Jenny Murray had been the nearest thing I had ever had to a sister, and by far the closest woman friend of my life. Owing to circumstance, most of my close friends in the last fifteen years had been men; there were no other female doctors, and the natural gulf between nursing staff and medical staff prevented more than casual acquaintance with other women working at the hospital. As for the women in Frank’s circle, the departmental secretaries and university wives…

More than any of that, though, was the knowledge that of all the people in the world, Jenny was the one who might love Jamie Fraser as much—if not more—than I did. I was eager to see Jenny again, but could not help wondering how she would take the story of my supposed escape to France, and my apparent desertion of her brother.

The horses had to follow each other in single file down the narrow track. My own bay slowed obligingly as Jamie’s chestnut paused, then turned aside at his urging into a clearing, half-hidden by an overhang of alder branches.

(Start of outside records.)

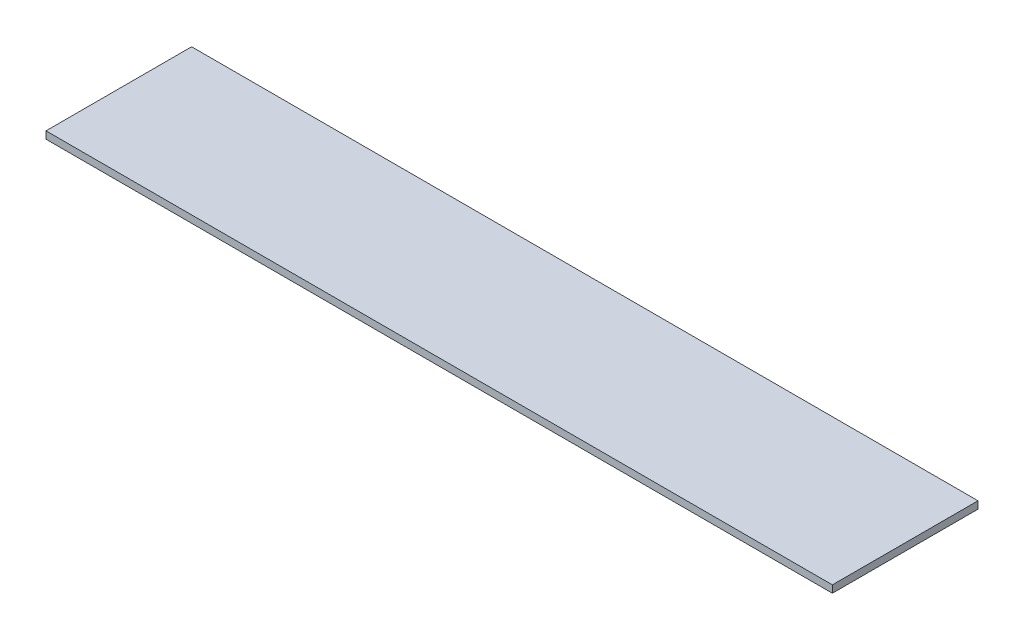
SolidWorks part; units mm, degrees
ref_plane "Front" through (0, 0, 0) normal (0, 0, 1) x (1, 0, 0)
ref_plane "Top" through (0, 0, 0) normal (0, 1, 0) x (1, 0, 0)
ref_plane "Right" through (0, 0, 0) normal (1, 0, 0) x (0, 0, -1)
sketch "Sketch1" plane through (0, 0, 0) normal (0, 1, 0) x (1, 0, 0)
  line L0 (0, 0) -> (2743.2, 0) construction
  line L1 (0, 254) -> (2743.2, 254)
  line L2 (0, 254) -> (0, -254)
  line L3 (0, -254) -> (2743.2, -254)
  line L4 (2743.2, 254) -> (2743.2, -254)
  dimension "D1" = 508
  dimension "D2" = 2743.2
extrude "Extrude1" add sketch "Sketch1" along normal blind 25.4
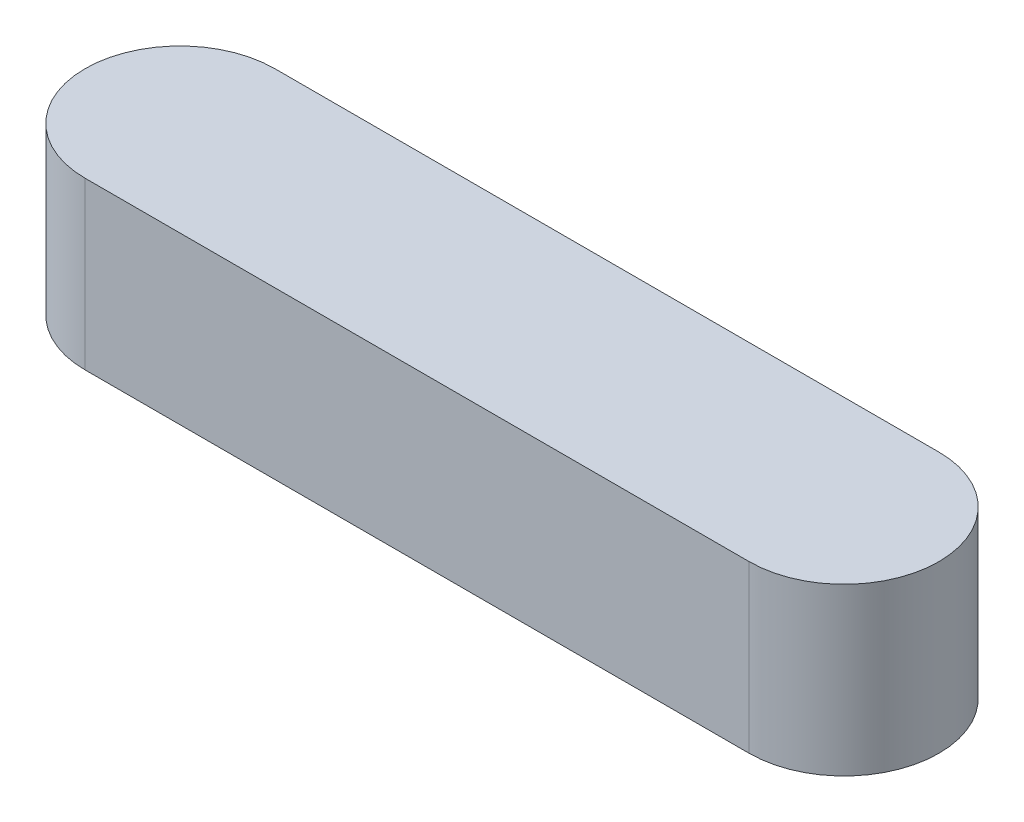
SolidWorks part; units mm, degrees
ref_plane "Спереди" through (0, 0, 0) normal (0, 0, 1) x (1, 0, 0)
ref_plane "Сверху" through (0, 0, 0) normal (0, 1, 0) x (1, 0, 0)
ref_plane "Справа" through (0, 0, 0) normal (1, 0, 0) x (0, 0, -1)
sketch "Эскиз1" plane through (0, 0, 0) normal (0, 1, 0) x (1, 0, 0)
  line L0 (0, 0) -> (28, 0) construction
  line L2 (0, 4) -> (28, 4)
  line L3 (0, -4) -> (28, -4)
  arc A0 (0, 4) -> (0, -4) centre (0, 0) ccw
  arc A1 (28, -4) -> (28, 4) centre (28, 0) ccw
  point P5 (14, 0)
extrude "Бобышка-Вытянуть1" add sketch "Эскиз1" along normal blind 7
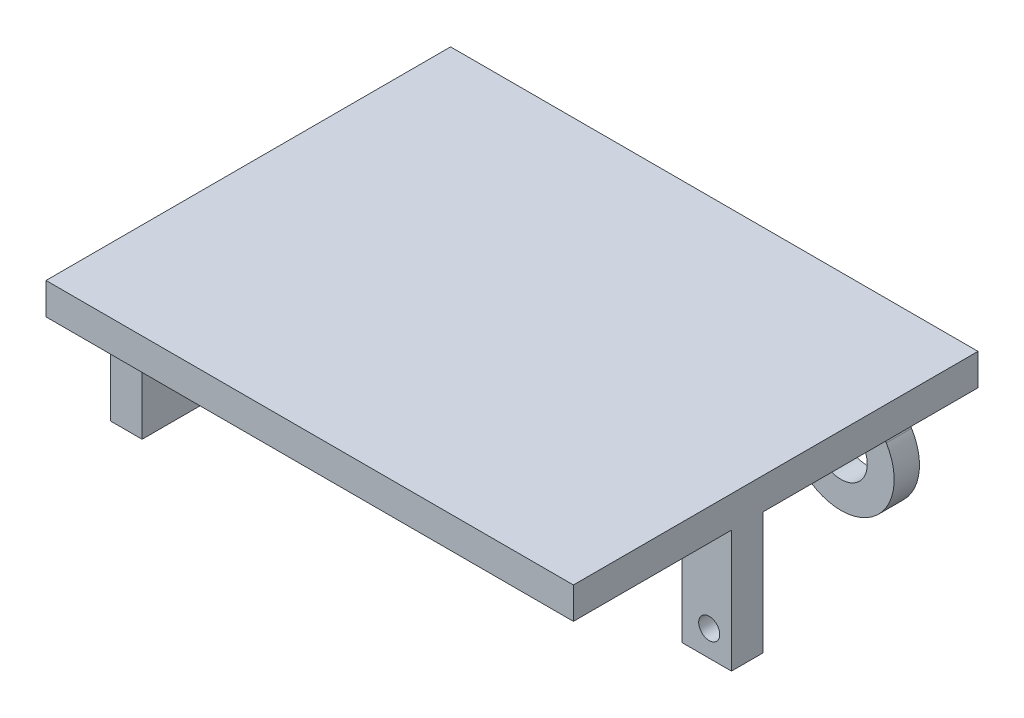
SolidWorks part; units mm, degrees
ref_plane "Plan de face" through (0, 0, 0) normal (0, 0, 1) x (1, 0, 0)
ref_plane "Plan de dessus" through (0, 0, 0) normal (0, 1, 0) x (1, 0, 0)
ref_plane "Plan de droite" through (0, 0, 0) normal (1, 0, 0) x (0, 0, -1)
sketch "Esquisse1" plane through (0, 0, 0) normal (0, 0, 1) x (1, 0, 0)
  line L0 (-39.4472, 12.1289) -> (10.6098, 12.1289)
  line L1 (-39.4472, 9.1329) -> (-13.4707, 9.1329)
  line L4 (10.6098, 9.1329) -> (10.6098, 12.1289)
  line L7 (-39.4472, 12.1289) -> (-39.4472, 9.1329)
  line L8 (0.3756, 9.1329) -> (10.6098, 9.1329)
  line L51 (4.3043, 2.6499) -> (0.3756, 9.1329)
  line L64 (-13.4707, 9.1329) -> (-3.358, -3.7779)
  circle A0 centre (0, 0) radius 2.5
  arc A1 (-3.358, -3.7779) -> (4.3043, 2.6499) centre (0, 0) ccw
extrude "Boss.-Extru.1" add sketch "Esquisse1" along normal blind 2.4
sketch "Esquisse4" plane through (0, 0, 2.4) normal (0, 0, 1) x (1, 0, 0)
  line L0 (-39.4472, 9.1329) -> (-13.4707, 9.1329) construction
  line L1 (-39.4472, 12.1289) -> (-39.4472, 9.1329) construction
  line L2 (10.6098, 9.1329) -> (10.6098, 12.1289) construction
  line L3 (10.6098, 12.1289) -> (-39.4472, 12.1289) construction
  line L4 (-39.4472, 9.1329) -> (10.6098, 9.1329)
  line L5 (-39.4472, 12.1289) -> (-39.4472, 9.1329)
  line L6 (10.6098, 9.1329) -> (10.6098, 12.1289)
  line L7 (10.6098, 12.1289) -> (-39.4472, 12.1289)
extrude "Boss.-Extru.2" add sketch "Esquisse4" along normal blind 36
sketch "Esquisse5" plane through (0, 0, 38.4) normal (0, 0, 1) x (1, 0, 0)
  line L1 (5.9098, 9.1329) -> (10.6098, 9.1329)
  line L2 (5.9098, 9.1329) -> (5.9098, -2.4571)
  line L3 (5.9098, -2.4571) -> (10.6098, -2.4571)
  line L4 (10.6098, 9.1329) -> (10.6098, -2.4571)
  line L5 (-24.6902, 9.1329) -> (-17.6902, 9.1329)
  line L6 (-24.6902, 9.1329) -> (-24.6902, -2.4601)
  line L7 (-24.6902, -2.4601) -> (-17.6902, -2.4601)
  line L8 (-17.6902, 9.1329) -> (-17.6902, -2.4601)
  circle A0 centre (8.5, 0) radius 1
  circle A1 centre (-19.5, 0) radius 1
  point P5 (5.9098, 3.3379)
  dimension "D3" = 4.7
  dimension "D5" = 7
  dimension "D6" = 11.593
  dimension "D10" = 11.59
extrude "Boss.-Extru.3" add sketch "Esquisse5" against normal blind 3 from offset 15 offset against normal yes
sketch "Esquisse6" plane through (-39.4472, 0, -39.4472) normal (1, 0, 0) x (0, 0, -1)
  line L0 (-45.5713, -2.4911) -> (-45.5713, 9.1329)
  line L1 (-71.7232, -2.4911) -> (-71.7232, 9.1329)
  line L2 (-71.7232, 9.1329) -> (-45.5713, 9.1329) construction
  line L3 (-64.7713, -2.4911) -> (-64.7713, 9.1329)
  line L4 (-71.7232, 9.1329) -> (-64.7713, 9.1329)
  line L5 (-71.7232, -2.4911) -> (-64.7713, -2.4911)
  line L6 (-52.5232, -2.4911) -> (-52.5232, 9.1329)
  line L7 (-52.5232, -2.4911) -> (-45.5713, -2.4911)
  line L8 (-45.5713, 9.1329) -> (-52.5232, 9.1329)
  line L9 (-77.8472, 9.1329) -> (-39.4472, 9.1329) construction
  point P8 (-58.6472, 9.1329)
  point P9 (-58.6472, 9.1329)
  dimension "D2" = 6.952
  dimension "D3" = 12.248
  dimension "D4" = 6.952
  dimension "D5" = 11.624
extrude "Boss.-Extru.4" add sketch "Esquisse6" along normal blind 3

A gray stone cliff rose up at the edge of the clearing, its cracks and bumps and ridges so furred with moss and lichen that it looked like the face of an ancient man, all spotted with whiskers and freckled with warts. Young Ian slid down from his pony with a sigh of relief; we had been in the saddle since dawn.

“Oof!” he said, frankly rubbing his backside. “I’ve gone all numb.”

“So have I,” I said, doing the same. “I suppose it’s better than being saddlesore, though.” Unaccustomed to riding for long stretches, both Young Ian and I had suffered considerably during the first two days of the journey; in fact, too stiff to dismount by myself the first night, I had had to be ignominiously hoisted off my horse and carried into the inn by Jamie, much to his amusement.

“How does Uncle Jamie do it?” Ian asked me. “His arse must be made of leather.”

“Not to look at,” I replied absently. “Where’s he gone, though?” The chestnut, already hobbled, was nibbling at the grass under an oak to one side of the clearing, but of Jamie himself, there was no sign.

Young Ian and I looked blankly at each other; I shrugged, and went over to the cliff face, where a trickle of water ran down the rock. I cupped my hands beneath it and drank, grateful for the cold liquid sliding down my dry throat, in spite of the autumn air that reddened my cheeks and numbed my nose.

This tiny glen clearing, invisible from the road, was characteristic of most of the Highland scenery, I thought. Deceptively barren and severe, the crags and moors were full of secrets. If you didn’t know where you were going, you could walk within inches of a deer, a grouse, or a hiding man, and never know it. Small wonder that many of those who had taken to the heather after Culloden had managed to escape, their knowledge of the hidden places making them invisible to the blind eyes and clumsy feet of the pursuing English.

Thirst slaked, I turned from the cliff face and nearly ran into Jamie, who had appeared as though sprung out of the earth by magic. He was putting his tinderbox back into the pocket of his coat, and the faint smell of smoke clung to his coat. He dropped a small burnt stick to the grass and ground it to dust with his foot.

“Where did you come from?” I said, blinking at this apparition. “And where have you been?”

“There’s a wee cave just there,” he explained, jerking a thumb behind him. “I only wanted to see whether anyone’s been in it.”

“Have they?” Looking closely, I could see the edge of the outcrop that concealed the cave’s entrance. Blending as it did with the other deep cracks in the rock face, it wouldn’t be visible unless you were deliberately looking for it.

“Aye, they have,” he said. His brows were slightly furrowed, not in worry, but as though he were thinking about something. “There’s charcoal mixed wi’ the earth; someone’s had a fire there.”

“Who do you think it was?” I asked. I stuck my head around the outcrop, but saw nothing but a narrow bar of darkness, a small rift in the face of the mountain. It looked thoroughly uninviting.

I wondered whether any of his smuggling connections might have traced him all the way from the coast to Lallybroch. Was he worried about pursuit, or an ambush? Despite myself, I looked over my shoulder, but saw nothing but the alders, dry leaves rustling in the autumn breeze.

“I dinna ken,” he said absently. “A hunter, I suppose; there are grouse bones scattered about, too.”